━━━ RECORDS

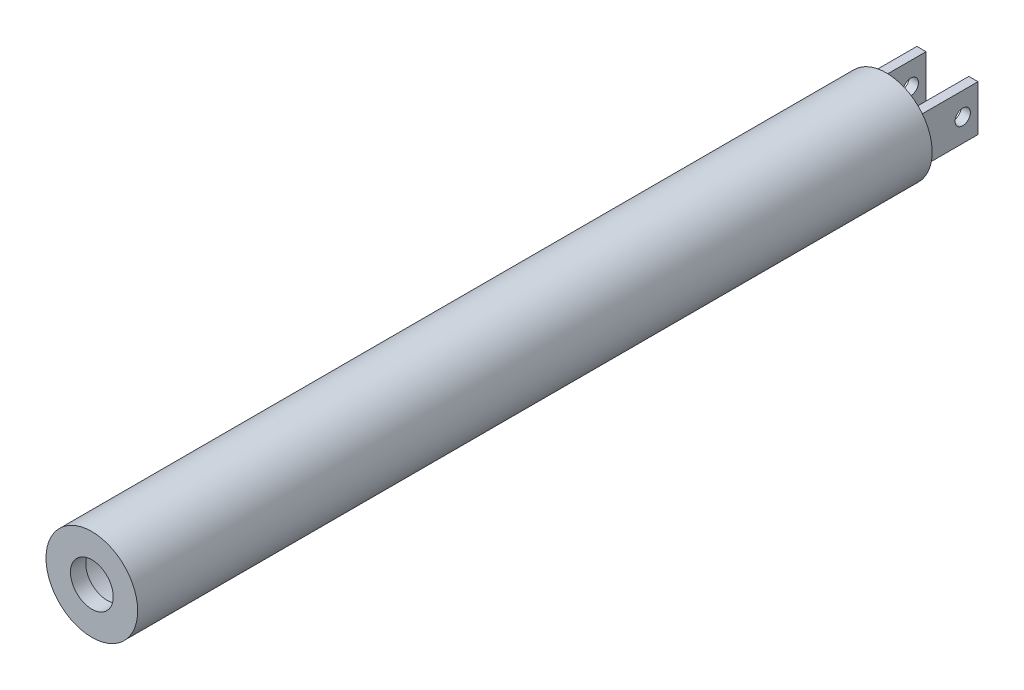
SolidWorks part; units mm, degrees
ref_plane "Front Plane" through (0, 0, 0) normal (0, 0, 1) x (1, 0, 0)
ref_plane "Top Plane" through (0, 0, 0) normal (0, 1, 0) x (1, 0, 0)
ref_plane "Right Plane" through (0, 0, 0) normal (1, 0, 0) x (0, 0, -1)
sketch "Sketch1" plane through (0, 0, 0) normal (0, 0, 1) x (1, 0, 0)
  circle A0 centre (0, 0) radius 15
  circle A1 centre (0, 0) radius 13.5
  dimension "D1" = 30
  dimension "D2" = 27
extrude "Boss-Extrude1" add sketch "Sketch1" along normal blind 250
sketch "Sketch2" plane through (0, 0, 0) normal (0, 0, -1) x (-1, 0, 0)
  circle A0 centre (0, 0) radius 15
extrude "Boss-Extrude2" add sketch "Sketch2" along normal blind 5
sketch "Sketch3" plane through (0, 0, 250) normal (0, 0, 1) x (1, 0, 0)
  circle A0 centre (0, 0) radius 15
  circle A1 centre (0, 0) radius 7
  dimension "D1" = 14
extrude "Boss-Extrude3" add sketch "Sketch3" along normal blind 5
sketch "Sketch4" plane through (0, 0, 0) normal (1, 0, 0) x (0, 0, -1)
  line L0 (25, -7.5) -> (5, -7.5)
  line L1 (25, -7.5) -> (25, 7.5)
  line L2 (5, -7.5) -> (5, 7.5)
  line L3 (25, 7.5) -> (5, 7.5)
  line L4 (5, 0) -> (25, 0) construction
  line L5 (15, -7.5) -> (15, 7.5) construction
  line L6 (5, -15) -> (5, 15) construction
  circle A0 centre (20, 0) radius 2.5
  point P1 (15, 0)
  dimension "D3" = 5
  dimension "D4" = 5
  dimension "D1" = 15
  dimension "D2" = 20
extrude "Boss-Extrude4" add sketch "Sketch4" along normal blind 10 and the other way blind 10
sketch "Sketch5" plane through (0, 0, -25) normal (0, 0, -1) x (-1, 0, 0)
  line L0 (10, 7.5) -> (-10, 7.5) construction
  line L1 (-7, -7.5) -> (7, -7.5)
  line L2 (-7, -7.5) -> (-7, 7.5)
  line L3 (-7, 7.5) -> (7, 7.5)
  line L4 (7, -7.5) -> (7, 7.5)
  line L5 (0, 7.5) -> (0, -7.5) construction
  line L6 (-7, 0) -> (7, 0) construction
  line L7 (-10, 7.5) -> (-10, -7.5) construction
  point P0 (0, 0)
  dimension "D1" = 3
extrude "Cut-Extrude1" cut sketch "Sketch5" against normal up to surface (20 mm away) up to face at (-15, 0, -5)

━━━━━━

THE PROBLEM — Lines holding the word "through" should be copied from the entries above.

ANSWER SPACE —
ref_plane "Front Plane" through (0, 0, 0) normal (0, 0, 1) x (1, 0, 0)
ref_plane "Top Plane" through (0, 0, 0) normal (0, 1, 0) x (1, 0, 0)
ref_plane "Right Plane" through (0, 0, 0) normal (1, 0, 0) x (0, 0, -1)
sketch "Sketch1" plane through (0, 0, 0) normal (0, 0, 1) x (1, 0, 0)
sketch "Sketch2" plane through (0, 0, 0) normal (0, 0, -1) x (-1, 0, 0)
sketch "Sketch3" plane through (0, 0, 250) normal (0, 0, 1) x (1, 0, 0)
sketch "Sketch4" plane through (0, 0, 0) normal (1, 0, 0) x (0, 0, -1)
sketch "Sketch5" plane through (0, 0, -25) normal (0, 0, -1) x (-1, 0, 0)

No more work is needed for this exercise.